Здесь спорны понятия "демократия", "работоспособный парламент", "тоталитарные методы", "желательные народу социальные реформы", но бесспорно и разумно признание, что бывают случаи, когда военные должны подпереть государство и когда государство вынуждено опереться на военных. Известна фраза Кавура: "Штыки кое для чего годятся, но только не для сидения на них". Но Кавур глубоко заблуждался, думая, что власть, нашедшая опору в войске, сидит на штыках, - нет, она стоит на моральном основании, на верности офицерства государственной идее. Офицер, перестав быть обособленным существом, приблизившись к иным группам граждан, даже (есть и такие государства) ставши гражданином-военным-специалистом, остается гражданином образцовым в смысле сознания своего долга перед государством и только перед государством, но не перед какой-либо социальной, партийной, племенной и т.д. частью его.

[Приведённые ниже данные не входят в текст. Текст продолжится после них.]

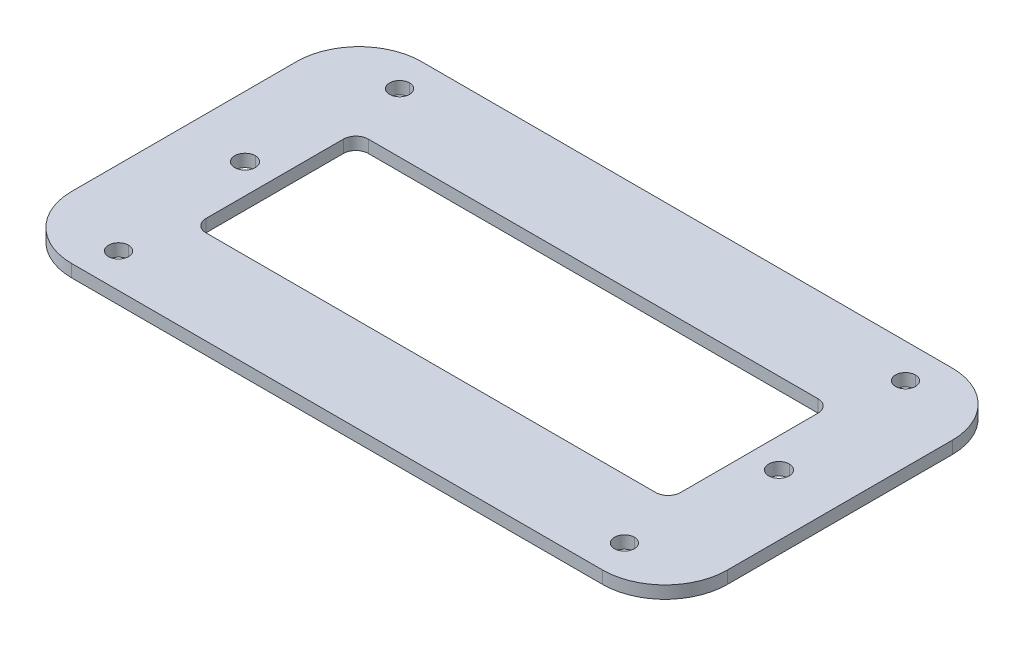
ISO-10303-21;
HEADER;
FILE_DESCRIPTION(('STEP AP214'),'2;1');
FILE_NAME('part.step','',(''),(''),'','','');
FILE_SCHEMA(('AUTOMOTIVE_DESIGN { 1 0 10303 214 1 1 1 1 }'));
ENDSEC;
DATA;
#1=APPLICATION_CONTEXT('core data for automotive mechanical design processes');
#2=APPLICATION_PROTOCOL_DEFINITION('international standard','automotive_design',2000,#1);
#3=PRODUCT_CONTEXT('',#1,'mechanical');
#4=PRODUCT('Part','Part','',(#3));
#5=PRODUCT_RELATED_PRODUCT_CATEGORY('part','',(#4));
#6=PRODUCT_DEFINITION_FORMATION('','',#4);
#7=PRODUCT_DEFINITION_CONTEXT('part definition',#1,'design');
#8=PRODUCT_DEFINITION('design','',#6,#7);
#9=PRODUCT_DEFINITION_SHAPE('','',#8);
#10=(LENGTH_UNIT() NAMED_UNIT(*) SI_UNIT(.MILLI.,.METRE.));
#11=(NAMED_UNIT(*) PLANE_ANGLE_UNIT() SI_UNIT($,.RADIAN.));
#12=(NAMED_UNIT(*) SI_UNIT($,.STERADIAN.) SOLID_ANGLE_UNIT());
#13=UNCERTAINTY_MEASURE_WITH_UNIT(LENGTH_MEASURE(1.E-05),#10,'distance_accuracy_value','');
#14=(GEOMETRIC_REPRESENTATION_CONTEXT(3) GLOBAL_UNCERTAINTY_ASSIGNED_CONTEXT((#13)) GLOBAL_UNIT_ASSIGNED_CONTEXT((#10,
#11,#12)) REPRESENTATION_CONTEXT('',''));
#15=CARTESIAN_POINT('',(0.,0.,0.));
#16=DIRECTION('',(0.,0.,1.));
#17=DIRECTION('',(1.,0.,0.));
#18=AXIS2_PLACEMENT_3D('',#15,#16,#17);
#19=CARTESIAN_POINT('',(-42.5,2.,18.));
#20=DIRECTION('',(0.,-1.,0.));
#21=DIRECTION('',(0.,0.,-1.));
#22=AXIS2_PLACEMENT_3D('',#19,#20,#21);
#23=CYLINDRICAL_SURFACE('',#22,10.);
#24=CARTESIAN_POINT('',(-42.5,2.,18.));
#25=DIRECTION('',(0.,1.,0.));
#26=DIRECTION('',(0.,0.,1.));
#27=AXIS2_PLACEMENT_3D('',#24,#25,#26);
#28=CIRCLE('',#27,10.);
#29=CARTESIAN_POINT('',(-52.5,2.,18.));
#30=VERTEX_POINT('',#29);
#31=CARTESIAN_POINT('',(-42.5,2.,28.));
#32=VERTEX_POINT('',#31);
#33=EDGE_CURVE('E255',#30,#32,#28,.T.);
#34=ORIENTED_EDGE('',*,*,#33,.F.);
#35=DIRECTION('',(0.,1.,0.));
#36=VECTOR('',#35,1.);
#37=CARTESIAN_POINT('',(-52.5,2.,18.));
#38=LINE('',#37,#36);
#39=CARTESIAN_POINT('',(-52.5,0.,18.));
#40=VERTEX_POINT('',#39);
#41=EDGE_CURVE('E254',#40,#30,#38,.T.);
#42=ORIENTED_EDGE('',*,*,#41,.F.);
#43=CARTESIAN_POINT('',(-42.5,0.,18.));
#44=DIRECTION('',(0.,-1.,0.));
#45=DIRECTION('',(0.,0.,1.));
#46=AXIS2_PLACEMENT_3D('',#43,#44,#45);
#47=CIRCLE('',#46,10.);
#48=CARTESIAN_POINT('',(-42.5,0.,28.));
#49=VERTEX_POINT('',#48);
#50=EDGE_CURVE('E237',#49,#40,#47,.T.);
#51=ORIENTED_EDGE('',*,*,#50,.F.);
#52=DIRECTION('',(0.,-1.,0.));
#53=VECTOR('',#52,1.);
#54=CARTESIAN_POINT('',(-42.5,2.,28.));
#55=LINE('',#54,#53);
#56=EDGE_CURVE('E368',#32,#49,#55,.T.);
#57=ORIENTED_EDGE('',*,*,#56,.F.);
#58=EDGE_LOOP('',(#34,#42,#51,#57));
#59=FACE_BOUND('',#58,.T.);
#60=ADVANCED_FACE('F15',(#59),#23,.T.);
#61=CARTESIAN_POINT('',(-42.5,2.,-18.));
#62=DIRECTION('',(0.,-1.,0.));
#63=DIRECTION('',(0.,0.,-1.));
#64=AXIS2_PLACEMENT_3D('',#61,#62,#63);
#65=CYLINDRICAL_SURFACE('',#64,10.);
#66=CARTESIAN_POINT('',(-42.5,2.,-18.));
#67=DIRECTION('',(0.,1.,0.));
#68=DIRECTION('',(0.,0.,1.));
#69=AXIS2_PLACEMENT_3D('',#66,#67,#68);
#70=CIRCLE('',#69,10.);
#71=CARTESIAN_POINT('',(-42.5,2.,-28.));
#72=VERTEX_POINT('',#71);
#73=CARTESIAN_POINT('',(-52.5,2.,-18.));
#74=VERTEX_POINT('',#73);
#75=EDGE_CURVE('E120',#72,#74,#70,.T.);
#76=ORIENTED_EDGE('',*,*,#75,.F.);
#77=DIRECTION('',(0.,1.,0.));
#78=VECTOR('',#77,1.);
#79=CARTESIAN_POINT('',(-42.5,2.,-28.));
#80=LINE('',#79,#78);
#81=CARTESIAN_POINT('',(-42.5,0.,-28.));
#82=VERTEX_POINT('',#81);
#83=EDGE_CURVE('E328',#82,#72,#80,.T.);
#84=ORIENTED_EDGE('',*,*,#83,.F.);
#85=CARTESIAN_POINT('',(-42.5,0.,-18.));
#86=DIRECTION('',(0.,-1.,0.));
#87=DIRECTION('',(0.,0.,1.));
#88=AXIS2_PLACEMENT_3D('',#85,#86,#87);
#89=CIRCLE('',#88,10.);
#90=CARTESIAN_POINT('',(-52.5,0.,-18.));
#91=VERTEX_POINT('',#90);
#92=EDGE_CURVE('E26',#91,#82,#89,.T.);
#93=ORIENTED_EDGE('',*,*,#92,.F.);
#94=DIRECTION('',(0.,-1.,0.));
#95=VECTOR('',#94,1.);
#96=CARTESIAN_POINT('',(-52.5,2.,-18.));
#97=LINE('',#96,#95);
#98=EDGE_CURVE('E262',#74,#91,#97,.T.);
#99=ORIENTED_EDGE('',*,*,#98,.F.);
#100=EDGE_LOOP('',(#76,#84,#93,#99));
#101=FACE_BOUND('',#100,.T.);
#102=ADVANCED_FACE('F568',(#101),#65,.T.);
#103=CARTESIAN_POINT('',(42.5,2.,-18.));
#104=DIRECTION('',(0.,1.,0.));
#105=DIRECTION('',(0.,0.,1.));
#106=AXIS2_PLACEMENT_3D('',#103,#104,#105);
#107=CYLINDRICAL_SURFACE('',#106,10.);
#108=CARTESIAN_POINT('',(42.5,2.,-18.));
#109=DIRECTION('',(0.,1.,0.));
#110=DIRECTION('',(0.,0.,1.));
#111=AXIS2_PLACEMENT_3D('',#108,#109,#110);
#112=CIRCLE('',#111,10.);
#113=CARTESIAN_POINT('',(52.5,2.,-18.));
#114=VERTEX_POINT('',#113);
#115=CARTESIAN_POINT('',(42.5,2.,-28.));
#116=VERTEX_POINT('',#115);
#117=EDGE_CURVE('E108',#114,#116,#112,.T.);
#118=ORIENTED_EDGE('',*,*,#117,.F.);
#119=DIRECTION('',(0.,1.,0.));
#120=VECTOR('',#119,1.);
#121=CARTESIAN_POINT('',(52.5,2.,-18.));
#122=LINE('',#121,#120);
#123=CARTESIAN_POINT('',(52.5,0.,-18.));
#124=VERTEX_POINT('',#123);
#125=EDGE_CURVE('E366',#124,#114,#122,.T.);
#126=ORIENTED_EDGE('',*,*,#125,.F.);
#127=CARTESIAN_POINT('',(42.5,0.,-18.));
#128=DIRECTION('',(0.,-1.,0.));
#129=DIRECTION('',(0.,0.,1.));
#130=AXIS2_PLACEMENT_3D('',#127,#128,#129);
#131=CIRCLE('',#130,10.);
#132=CARTESIAN_POINT('',(42.5,0.,-28.));
#133=VERTEX_POINT('',#132);
#134=EDGE_CURVE('E10',#133,#124,#131,.T.);
#135=ORIENTED_EDGE('',*,*,#134,.F.);
#136=DIRECTION('',(0.,-1.,0.));
#137=VECTOR('',#136,1.);
#138=CARTESIAN_POINT('',(42.5,0.,-28.));
#139=LINE('',#138,#137);
#140=EDGE_CURVE('E345',#116,#133,#139,.T.);
#141=ORIENTED_EDGE('',*,*,#140,.F.);
#142=EDGE_LOOP('',(#118,#126,#135,#141));
#143=FACE_BOUND('',#142,.T.);
#144=ADVANCED_FACE('F573',(#143),#107,.T.);
#145=CARTESIAN_POINT('',(42.5,2.,18.));
#146=DIRECTION('',(0.,1.,0.));
#147=DIRECTION('',(0.,0.,1.));
#148=AXIS2_PLACEMENT_3D('',#145,#146,#147);
#149=CYLINDRICAL_SURFACE('',#148,10.);
#150=CARTESIAN_POINT('',(42.5,2.,18.));
#151=DIRECTION('',(0.,1.,0.));
#152=DIRECTION('',(0.,0.,1.));
#153=AXIS2_PLACEMENT_3D('',#150,#151,#152);
#154=CIRCLE('',#153,10.);
#155=CARTESIAN_POINT('',(42.5,2.,28.));
#156=VERTEX_POINT('',#155);
#157=CARTESIAN_POINT('',(52.5,2.,18.));
#158=VERTEX_POINT('',#157);
#159=EDGE_CURVE('E336',#156,#158,#154,.T.);
#160=ORIENTED_EDGE('',*,*,#159,.F.);
#161=DIRECTION('',(0.,1.,0.));
#162=VECTOR('',#161,1.);
#163=CARTESIAN_POINT('',(42.5,2.,28.));
#164=LINE('',#163,#162);
#165=CARTESIAN_POINT('',(42.5,0.,28.));
#166=VERTEX_POINT('',#165);
#167=EDGE_CURVE('E418',#166,#156,#164,.T.);
#168=ORIENTED_EDGE('',*,*,#167,.F.);
#169=CARTESIAN_POINT('',(42.5,0.,18.));
#170=DIRECTION('',(0.,-1.,0.));
#171=DIRECTION('',(0.,0.,1.));
#172=AXIS2_PLACEMENT_3D('',#169,#170,#171);
#173=CIRCLE('',#172,10.);
#174=CARTESIAN_POINT('',(52.5,0.,18.));
#175=VERTEX_POINT('',#174);
#176=EDGE_CURVE('E251',#175,#166,#173,.T.);
#177=ORIENTED_EDGE('',*,*,#176,.F.);
#178=DIRECTION('',(0.,-1.,0.));
#179=VECTOR('',#178,1.);
#180=CARTESIAN_POINT('',(52.5,0.,18.));
#181=LINE('',#180,#179);
#182=EDGE_CURVE('E367',#158,#175,#181,.T.);
#183=ORIENTED_EDGE('',*,*,#182,.F.);
#184=EDGE_LOOP('',(#160,#168,#177,#183));
#185=FACE_BOUND('',#184,.T.);
#186=ADVANCED_FACE('F591',(#185),#149,.T.);
#187=CARTESIAN_POINT('',(0.,0.,0.));
#188=DIRECTION('',(0.,1.,0.));
#189=DIRECTION('',(1.,0.,0.));
#190=AXIS2_PLACEMENT_3D('',#187,#188,#189);
#191=PLANE('',#190);
#192=CARTESIAN_POINT('',(-42.75,0.,0.));
#193=DIRECTION('',(0.,1.,0.));
#194=DIRECTION('',(0.,0.,1.));
#195=AXIS2_PLACEMENT_3D('',#192,#193,#194);
#196=CIRCLE('',#195,1.65);
#197=CARTESIAN_POINT('',(-42.75,0.,-1.65));
#198=VERTEX_POINT('',#197);
#199=CARTESIAN_POINT('',(-42.75,0.,1.65));
#200=VERTEX_POINT('',#199);
#201=EDGE_CURVE('E349',#198,#200,#196,.T.);
#202=ORIENTED_EDGE('',*,*,#201,.T.);
#203=CARTESIAN_POINT('',(-42.75,0.,0.));
#204=DIRECTION('',(0.,1.,0.));
#205=DIRECTION('',(0.,0.,1.));
#206=AXIS2_PLACEMENT_3D('',#203,#204,#205);
#207=CIRCLE('',#206,1.65);
#208=EDGE_CURVE('E327',#200,#198,#207,.T.);
#209=ORIENTED_EDGE('',*,*,#208,.T.);
#210=EDGE_LOOP('',(#202,#209));
#211=FACE_BOUND('',#210,.T.);
#212=CARTESIAN_POINT('',(42.75,0.,0.));
#213=DIRECTION('',(0.,1.,0.));
#214=DIRECTION('',(0.,0.,1.));
#215=AXIS2_PLACEMENT_3D('',#212,#213,#214);
#216=CIRCLE('',#215,1.65);
#217=CARTESIAN_POINT('',(42.75,0.,-1.65));
#218=VERTEX_POINT('',#217);
#219=CARTESIAN_POINT('',(42.75,0.,1.65));
#220=VERTEX_POINT('',#219);
#221=EDGE_CURVE('E417',#218,#220,#216,.T.);
#222=ORIENTED_EDGE('',*,*,#221,.T.);
#223=CARTESIAN_POINT('',(42.75,0.,0.));
#224=DIRECTION('',(0.,1.,0.));
#225=DIRECTION('',(0.,0.,1.));
#226=AXIS2_PLACEMENT_3D('',#223,#224,#225);
#227=CIRCLE('',#226,1.65);
#228=EDGE_CURVE('E465',#220,#218,#227,.T.);
#229=ORIENTED_EDGE('',*,*,#228,.T.);
#230=EDGE_LOOP('',(#222,#229));
#231=FACE_BOUND('',#230,.T.);
#232=CARTESIAN_POINT('',(-40.5,0.,-22.5));
#233=DIRECTION('',(0.,1.,0.));
#234=DIRECTION('',(0.,0.,1.));
#235=AXIS2_PLACEMENT_3D('',#232,#233,#234);
#236=CIRCLE('',#235,1.6);
#237=CARTESIAN_POINT('',(-40.5,0.,-24.1));
#238=VERTEX_POINT('',#237);
#239=CARTESIAN_POINT('',(-40.5,0.,-20.9));
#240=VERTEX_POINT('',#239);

Как бы демократична ни была структура государства и общества в нем, как бы современно и демократично ни было его офицерство, оно остается наиболее ярким, по сравнению с иными группами, выражением государственного мышления и служения.

Этическая база офицерского духа. На пушках Фридриха Великого стояли слова "Ultima ratio regis" - последний довод королей в международных спорах. Последним доводом государственной идеи бывали и будут офицеры. Но не преторианцы, по своему буйному хотению низвергающие и возносящие правителей, не авантюристы, пытающиеся во главе одного полка или только батальона совершить переворот в свою пользу, не офицеры-политиканы, ставящие себя в распоряжение партии, рвущейся к власти. Только такие офицеры имеют право в революционной обстановке нынешнего времени вступиться за державу, которые исполнены державного сознания и рыцарской этики.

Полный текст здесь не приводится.